DATASET EXTRACT section start

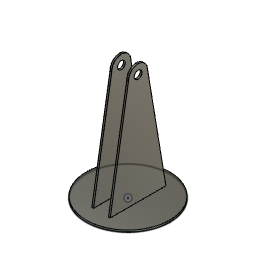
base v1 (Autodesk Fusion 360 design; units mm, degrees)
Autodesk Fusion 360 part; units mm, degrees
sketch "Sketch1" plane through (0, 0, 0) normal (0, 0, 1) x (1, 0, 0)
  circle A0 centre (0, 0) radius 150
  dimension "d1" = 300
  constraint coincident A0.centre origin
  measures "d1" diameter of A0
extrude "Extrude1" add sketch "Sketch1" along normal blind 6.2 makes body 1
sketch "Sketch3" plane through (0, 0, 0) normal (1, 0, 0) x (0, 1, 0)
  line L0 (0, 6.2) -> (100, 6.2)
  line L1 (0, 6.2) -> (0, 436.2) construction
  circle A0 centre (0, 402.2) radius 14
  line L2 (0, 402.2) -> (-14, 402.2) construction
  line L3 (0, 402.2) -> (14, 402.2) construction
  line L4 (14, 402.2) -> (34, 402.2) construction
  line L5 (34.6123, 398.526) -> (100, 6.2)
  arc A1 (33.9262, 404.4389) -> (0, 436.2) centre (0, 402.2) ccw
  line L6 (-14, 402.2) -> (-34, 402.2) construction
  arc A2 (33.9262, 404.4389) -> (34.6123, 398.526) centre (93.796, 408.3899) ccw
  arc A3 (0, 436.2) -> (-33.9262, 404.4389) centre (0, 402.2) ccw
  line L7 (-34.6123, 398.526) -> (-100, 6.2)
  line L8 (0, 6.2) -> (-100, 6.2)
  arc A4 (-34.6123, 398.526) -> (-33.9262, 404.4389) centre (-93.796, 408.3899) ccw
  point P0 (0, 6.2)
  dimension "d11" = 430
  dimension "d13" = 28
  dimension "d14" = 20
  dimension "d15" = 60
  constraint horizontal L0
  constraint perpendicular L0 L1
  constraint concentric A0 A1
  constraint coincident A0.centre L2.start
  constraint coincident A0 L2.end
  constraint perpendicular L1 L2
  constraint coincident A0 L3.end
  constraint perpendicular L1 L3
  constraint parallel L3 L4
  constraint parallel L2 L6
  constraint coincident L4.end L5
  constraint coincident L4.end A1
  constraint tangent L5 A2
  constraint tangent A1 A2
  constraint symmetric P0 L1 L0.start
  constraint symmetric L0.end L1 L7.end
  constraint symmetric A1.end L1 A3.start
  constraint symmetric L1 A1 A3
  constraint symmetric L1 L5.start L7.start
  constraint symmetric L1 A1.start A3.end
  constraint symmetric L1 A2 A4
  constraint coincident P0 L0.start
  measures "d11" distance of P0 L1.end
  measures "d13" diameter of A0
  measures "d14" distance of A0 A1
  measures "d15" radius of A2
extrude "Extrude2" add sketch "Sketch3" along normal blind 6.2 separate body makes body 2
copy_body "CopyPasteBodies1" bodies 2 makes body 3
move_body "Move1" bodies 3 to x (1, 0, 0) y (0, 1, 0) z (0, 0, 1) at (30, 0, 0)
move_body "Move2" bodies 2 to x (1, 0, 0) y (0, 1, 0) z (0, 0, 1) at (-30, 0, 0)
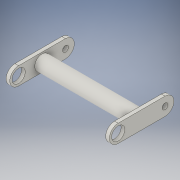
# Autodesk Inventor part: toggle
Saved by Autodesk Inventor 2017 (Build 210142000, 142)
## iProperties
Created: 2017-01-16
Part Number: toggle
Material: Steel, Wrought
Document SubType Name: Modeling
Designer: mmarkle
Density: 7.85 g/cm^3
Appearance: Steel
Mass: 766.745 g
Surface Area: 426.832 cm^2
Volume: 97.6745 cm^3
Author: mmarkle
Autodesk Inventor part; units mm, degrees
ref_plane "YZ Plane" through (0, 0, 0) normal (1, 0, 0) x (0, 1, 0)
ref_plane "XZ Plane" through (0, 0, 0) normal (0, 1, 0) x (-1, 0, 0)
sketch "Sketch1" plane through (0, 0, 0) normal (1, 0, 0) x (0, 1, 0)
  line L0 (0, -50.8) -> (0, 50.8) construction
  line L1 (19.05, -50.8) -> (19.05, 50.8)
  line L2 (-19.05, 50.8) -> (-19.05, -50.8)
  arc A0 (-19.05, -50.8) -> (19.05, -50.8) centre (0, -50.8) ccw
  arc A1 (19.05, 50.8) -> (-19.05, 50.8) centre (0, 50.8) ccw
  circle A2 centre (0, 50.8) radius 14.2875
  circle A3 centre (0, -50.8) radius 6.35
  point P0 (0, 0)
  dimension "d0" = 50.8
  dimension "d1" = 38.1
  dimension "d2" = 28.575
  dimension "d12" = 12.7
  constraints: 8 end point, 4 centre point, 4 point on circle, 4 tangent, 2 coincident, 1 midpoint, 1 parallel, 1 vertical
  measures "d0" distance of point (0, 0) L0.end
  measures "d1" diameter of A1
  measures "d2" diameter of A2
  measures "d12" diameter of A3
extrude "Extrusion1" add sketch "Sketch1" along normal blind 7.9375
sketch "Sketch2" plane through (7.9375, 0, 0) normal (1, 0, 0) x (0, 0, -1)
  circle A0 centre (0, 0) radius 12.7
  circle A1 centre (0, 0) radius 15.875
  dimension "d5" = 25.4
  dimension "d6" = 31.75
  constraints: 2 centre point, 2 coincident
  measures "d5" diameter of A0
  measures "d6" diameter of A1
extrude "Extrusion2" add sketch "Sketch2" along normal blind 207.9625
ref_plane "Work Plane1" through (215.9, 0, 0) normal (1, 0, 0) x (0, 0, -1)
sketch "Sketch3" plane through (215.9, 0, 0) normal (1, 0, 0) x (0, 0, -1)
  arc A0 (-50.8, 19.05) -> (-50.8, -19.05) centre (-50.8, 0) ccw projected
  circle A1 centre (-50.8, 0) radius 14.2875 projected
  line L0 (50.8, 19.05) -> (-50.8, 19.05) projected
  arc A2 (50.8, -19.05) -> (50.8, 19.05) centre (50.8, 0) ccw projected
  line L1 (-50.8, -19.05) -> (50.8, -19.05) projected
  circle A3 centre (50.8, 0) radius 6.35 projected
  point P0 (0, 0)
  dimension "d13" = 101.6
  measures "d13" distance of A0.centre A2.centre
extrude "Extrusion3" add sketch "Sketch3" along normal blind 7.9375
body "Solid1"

DATASET EXTRACT section end

* WHAT IS NEEDED
Leave the images behind and write out every entry exactly.

* EXERCISE ANSWER
base v1 (Autodesk Fusion 360 design; units mm, degrees)
Autodesk Fusion 360 part; units mm, degrees
sketch "Sketch1" plane through (0, 0, 0) normal (0, 0, 1) x (1, 0, 0)
  circle A0 centre (0, 0) radius 150
  dimension "d1" = 300
  constraint coincident A0.centre origin
  measures "d1" diameter of A0
extrude "Extrude1" add sketch "Sketch1" along normal blind 6.2 makes body 1
sketch "Sketch3" plane through (0, 0, 0) normal (1, 0, 0) x (0, 1, 0)
  line L0 (0, 6.2) -> (100, 6.2)
  line L1 (0, 6.2) -> (0, 436.2) construction
  circle A0 centre (0, 402.2) radius 14
  line L2 (0, 402.2) -> (-14, 402.2) construction
  line L3 (0, 402.2) -> (14, 402.2) construction
  line L4 (14, 402.2) -> (34, 402.2) construction
  line L5 (34.6123, 398.526) -> (100, 6.2)
  arc A1 (33.9262, 404.4389) -> (0, 436.2) centre (0, 402.2) ccw
  line L6 (-14, 402.2) -> (-34, 402.2) construction
  arc A2 (33.9262, 404.4389) -> (34.6123, 398.526) centre (93.796, 408.3899) ccw
  arc A3 (0, 436.2) -> (-33.9262, 404.4389) centre (0, 402.2) ccw
  line L7 (-34.6123, 398.526) -> (-100, 6.2)
  line L8 (0, 6.2) -> (-100, 6.2)
  arc A4 (-34.6123, 398.526) -> (-33.9262, 404.4389) centre (-93.796, 408.3899) ccw
  point P0 (0, 6.2)
  dimension "d11" = 430
  dimension "d13" = 28
  dimension "d14" = 20
  dimension "d15" = 60
  constraint horizontal L0
  constraint perpendicular L0 L1
  constraint concentric A0 A1
  constraint coincident A0.centre L2.start
  constraint coincident A0 L2.end
  constraint perpendicular L1 L2
  constraint coincident A0 L3.end
  constraint perpendicular L1 L3
  constraint parallel L3 L4
  constraint parallel L2 L6
  constraint coincident L4.end L5
  constraint coincident L4.end A1
  constraint tangent L5 A2
  constraint tangent A1 A2
  constraint symmetric P0 L1 L0.start
  constraint symmetric L0.end L1 L7.end
  constraint symmetric A1.end L1 A3.start
  constraint symmetric L1 A1 A3
  constraint symmetric L1 L5.start L7.start
  constraint symmetric L1 A1.start A3.end
  constraint symmetric L1 A2 A4
  constraint coincident P0 L0.start
  measures "d11" distance of P0 L1.end
  measures "d13" diameter of A0
  measures "d14" distance of A0 A1
  measures "d15" radius of A2
extrude "Extrude2" add sketch "Sketch3" along normal blind 6.2 separate body makes body 2
copy_body "CopyPasteBodies1" bodies 2 makes body 3
move_body "Move1" bodies 3 to x (1, 0, 0) y (0, 1, 0) z (0, 0, 1) at (30, 0, 0)
move_body "Move2" bodies 2 to x (1, 0, 0) y (0, 1, 0) z (0, 0, 1) at (-30, 0, 0)
# Autodesk Inventor part: toggle
Saved by Autodesk Inventor 2017 (Build 210142000, 142)
## iProperties
Created: 2017-01-16
Part Number: toggle
Material: Steel, Wrought
Document SubType Name: Modeling
Designer: mmarkle
Density: 7.85 g/cm^3
Appearance: Steel
Mass: 766.745 g
Surface Area: 426.832 cm^2
Volume: 97.6745 cm^3
Author: mmarkle
Autodesk Inventor part; units mm, degrees
ref_plane "YZ Plane" through (0, 0, 0) normal (1, 0, 0) x (0, 1, 0)
ref_plane "XZ Plane" through (0, 0, 0) normal (0, 1, 0) x (-1, 0, 0)
sketch "Sketch1" plane through (0, 0, 0) normal (1, 0, 0) x (0, 1, 0)
  line L0 (0, -50.8) -> (0, 50.8) construction
  line L1 (19.05, -50.8) -> (19.05, 50.8)
  line L2 (-19.05, 50.8) -> (-19.05, -50.8)
  arc A0 (-19.05, -50.8) -> (19.05, -50.8) centre (0, -50.8) ccw
  arc A1 (19.05, 50.8) -> (-19.05, 50.8) centre (0, 50.8) ccw
  circle A2 centre (0, 50.8) radius 14.2875
  circle A3 centre (0, -50.8) radius 6.35
  point P0 (0, 0)
  dimension "d0" = 50.8
  dimension "d1" = 38.1
  dimension "d2" = 28.575
  dimension "d12" = 12.7
  constraints: 8 end point, 4 centre point, 4 point on circle, 4 tangent, 2 coincident, 1 midpoint, 1 parallel, 1 vertical
  measures "d0" distance of point (0, 0) L0.end
  measures "d1" diameter of A1
  measures "d2" diameter of A2
  measures "d12" diameter of A3
extrude "Extrusion1" add sketch "Sketch1" along normal blind 7.9375
sketch "Sketch2" plane through (7.9375, 0, 0) normal (1, 0, 0) x (0, 0, -1)
  circle A0 centre (0, 0) radius 12.7
  circle A1 centre (0, 0) radius 15.875
  dimension "d5" = 25.4
  dimension "d6" = 31.75
  constraints: 2 centre point, 2 coincident
  measures "d5" diameter of A0
  measures "d6" diameter of A1
extrude "Extrusion2" add sketch "Sketch2" along normal blind 207.9625
ref_plane "Work Plane1" through (215.9, 0, 0) normal (1, 0, 0) x (0, 0, -1)
sketch "Sketch3" plane through (215.9, 0, 0) normal (1, 0, 0) x (0, 0, -1)
  arc A0 (-50.8, 19.05) -> (-50.8, -19.05) centre (-50.8, 0) ccw projected
  circle A1 centre (-50.8, 0) radius 14.2875 projected
  line L0 (50.8, 19.05) -> (-50.8, 19.05) projected
  arc A2 (50.8, -19.05) -> (50.8, 19.05) centre (50.8, 0) ccw projected
  line L1 (-50.8, -19.05) -> (50.8, -19.05) projected
  circle A3 centre (50.8, 0) radius 6.35 projected
  point P0 (0, 0)
  dimension "d13" = 101.6
  measures "d13" distance of A0.centre A2.centre
extrude "Extrusion3" add sketch "Sketch3" along normal blind 7.9375
body "Solid1"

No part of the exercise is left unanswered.